LAHORE: The Working Group on Inclusive Education (WGIE), a voluntary body of educationists, has expressed grave concerns over the Punjab government's move of enhancing the scope of religious teachings in the education system in utter disregard to religious freedom and respect for religious diversity.
"Though a single national curriculum agreed by the federal and provincial governments is awaited, the Punjab government has moved to enhance the scope of teaching religion in the education system from June, 2020, in utter disregard to religious freedom and respect for religious diversity. Moreover, the provincial assembly took upon itself a task which is basically the domain of executive functions," they observed.
These experts belong to different non-governmental organizations (NGOs) that include the Peoples' Commission for Minorities Rights (PCMR), Centre for Social Justice (CSJ), Pakistan Minorities Teachers Association (PMTA), Cecil and Iris Chaudhry Foundation, Catholic (National) Commission for Justice and Peace and Idara-e-Taleem-o-Aagahi (ITA).
They said for nearly four decades now, all the public and most of the private schools and colleges have been teaching Islamiyat as a compulsory subject in all classes. Nazrah Quran (recitation of the Arabic text) is taught from class I to V and reading translation of the Holy Quran for classes VI-XII has been made compulsory in the province since 2018 as per the Punjab Compulsory Teaching of the Holy Quran Act 2018.
"Moreover, 20-40 percent content in social studies, history and languages is based on teachings of the majority religion, violating Article 22 (1) of the constitution of Pakistan which prohibits the teaching of religion to the students other than their own," reads a document issued by the WGIE.
In addition, the Punjab governor through a notification dated 4th June, 2020, made the award of degrees in all the public universities conditional to passing an exam based on the reading of the Holy Quran with translation.
In that scenario, the educationists said they were of the view that this is unprecedented in the world of university education and clearly contravenes the concept of rigorous training in specialized disciplines at the university level. In any case, before entering university, students spend several years studying the Holy Quran with translation, they pointed out.
On June 9 this year, the Punjab Assembly had approved an amendment (inserted Section 2(a) to section 10) to the Punjab Curriculum and Textbook Act 2015 by subjecting all textbooks to approval by the Muttahida Ulema Board. This amendment again seeks to place control of educational content in the hands of religious groups rather than experts in education.
Dr A H Nayyar, a member of the WGIE, said that while the priority tasks of educating all the out-of-school-children and enhancing quality of education remain unfulfilled, inserting more religious content has repercussions on the quantity and quality of the educational content. This step will defeat the purpose of preparing students for a highly competitive environment in the world."
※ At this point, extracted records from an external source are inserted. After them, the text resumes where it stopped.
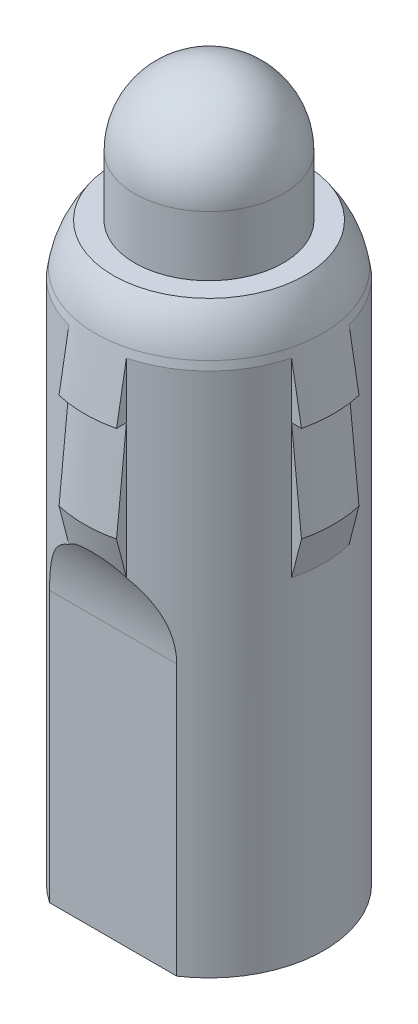
from build123d import *

# Parameters (mm, degrees)
CUT_EXTRUDE1_DEPTH = 39.124795081
CUT_EXTRUDE2_DEPTH = 10


with BuildPart() as part:
    # Sketch2 → Revolve1 (revolve)
    with BuildSketch(Plane.XY, mode=Mode.PRIVATE) as revolve1_sk:
        with BuildLine():
            Line((0, 0), (6, 0))
            Line((6, 0), (6, 17.5))
            Line((6, 17.5), (6.5, 19.5))
            Line((6.5, 19.5), (6, 24.5))
            Line((6, 24.5), (6.5, 24.5))
            Line((6.5, 24.5), (5.928481161, 27.842658555))
            ThreePointArc((5.928481161, 27.842658555), (5.59270884, 28.976619718), (5, 30))
            Line((5, 30), (3.875, 30))
            Line((3.875, 30), (3.875, 33.125))
            ThreePointArc((3.875, 33.125), (2.740038777, 35.865038777), (0, 37))
            Line((0, 37), (0, 0))
        make_face()
    revolve(revolve1_sk.sketch.rotate(Axis((0, 37, 0), (0, -1, 0)), 90), axis=Axis((0, 37, 0), (0, -1, 0)))

    # Sketch3 → Cut-Extrude1 (cut, through all)
    with BuildSketch(Plane.XZ):
        with BuildLine():
            Line((-5.809475019, 1.5), (-7.579692196, 1.5))
            Line((-7.579692196, 1.5), (-7.579692196, 7.495465701))
            Line((-7.579692196, 7.495465701), (-1.5, 7.495465701))
            Line((-1.5, 7.495465701), (-1.5, 5.809475019))
            ThreePointArc((-1.5, 5.809475019), (-4.242640687, 4.242640687), (-5.809475019, 1.5))
        make_face()
        with BuildLine():
            Line((1.5, 7.495465701), (1.5, 5.809475019))
            ThreePointArc((1.5, 5.809475019), (4.242640687, 4.242640687), (5.809475019, 1.5))
            Line((5.809475019, 1.5), (7.579692196, 1.5))
            Line((7.579692196, 1.5), (7.579692196, 7.495465701))
            Line((7.579692196, 7.495465701), (1.5, 7.495465701))
        make_face()
        with BuildLine():
            Line((5.809475019, -1.5), (7.579692196, -1.5))
            Line((7.579692196, -1.5), (7.579692196, -7.495465701))
            Line((7.579692196, -7.495465701), (1.5, -7.495465701))
            Line((1.5, -7.495465701), (1.5, -5.809475019))
            ThreePointArc((1.5, -5.809475019), (4.242640687, -4.242640687), (5.809475019, -1.5))
        make_face()
        with BuildLine():
            Line((-1.5, -7.495465701), (-1.5, -5.809475019))
            ThreePointArc((-1.5, -5.809475019), (-4.242640687, -4.242640687), (-5.809475019, -1.5))
            Line((-5.809475019, -1.5), (-7.579692196, -1.5))
            Line((-7.579692196, -1.5), (-7.579692196, -7.495465701))
            Line((-7.579692196, -7.495465701), (-1.5, -7.495465701))
        make_face()
    extrude(amount=-CUT_EXTRUDE1_DEPTH, mode=Mode.SUBTRACT)

    # Sketch4 → Cut-Extrude2 (cut, symmetric)
    with BuildSketch(Plane(origin=(0, 0, 0), x_dir=(0, 0, -1), z_dir=(1, 0, 0))):
        with BuildLine():
            Line((-5, 0), (-5, 14.110770665))
            ThreePointArc((-5, 14.110770665), (-7.196699141, 19.414071524), (-12.5, 21.610770665))
            Line((-12.5, 21.610770665), (-12.5, 0))
            Line((-12.5, 0), (-5, 0))
        make_face()
        with BuildLine():
            Line((12.5, 0), (5, 0))
            Line((5, 0), (5, 14.110770665))
            ThreePointArc((5, 14.110770665), (7.196699141, 19.414071524), (12.5, 21.610770665))
            Line((12.5, 21.610770665), (12.5, 0))
        make_face()
    extrude(amount=CUT_EXTRUDE2_DEPTH, both=True, mode=Mode.SUBTRACT)


solid = part.part

Baela Raza Jamil, a core member of the WGIE, expressed that these developments backed by legislation without public debate are of deep concern that will be socially divisive, undermine the freedom for inquiry based learning and critical thinking in education systems of Pakistan".
PCMR and CSJ head Peter Jacob said that they call upon the Punjab government to review these measures which are clearly in conflict with the right to freedom of religion guaranteed in the constitution of Pakistan under Articles 20 and 25.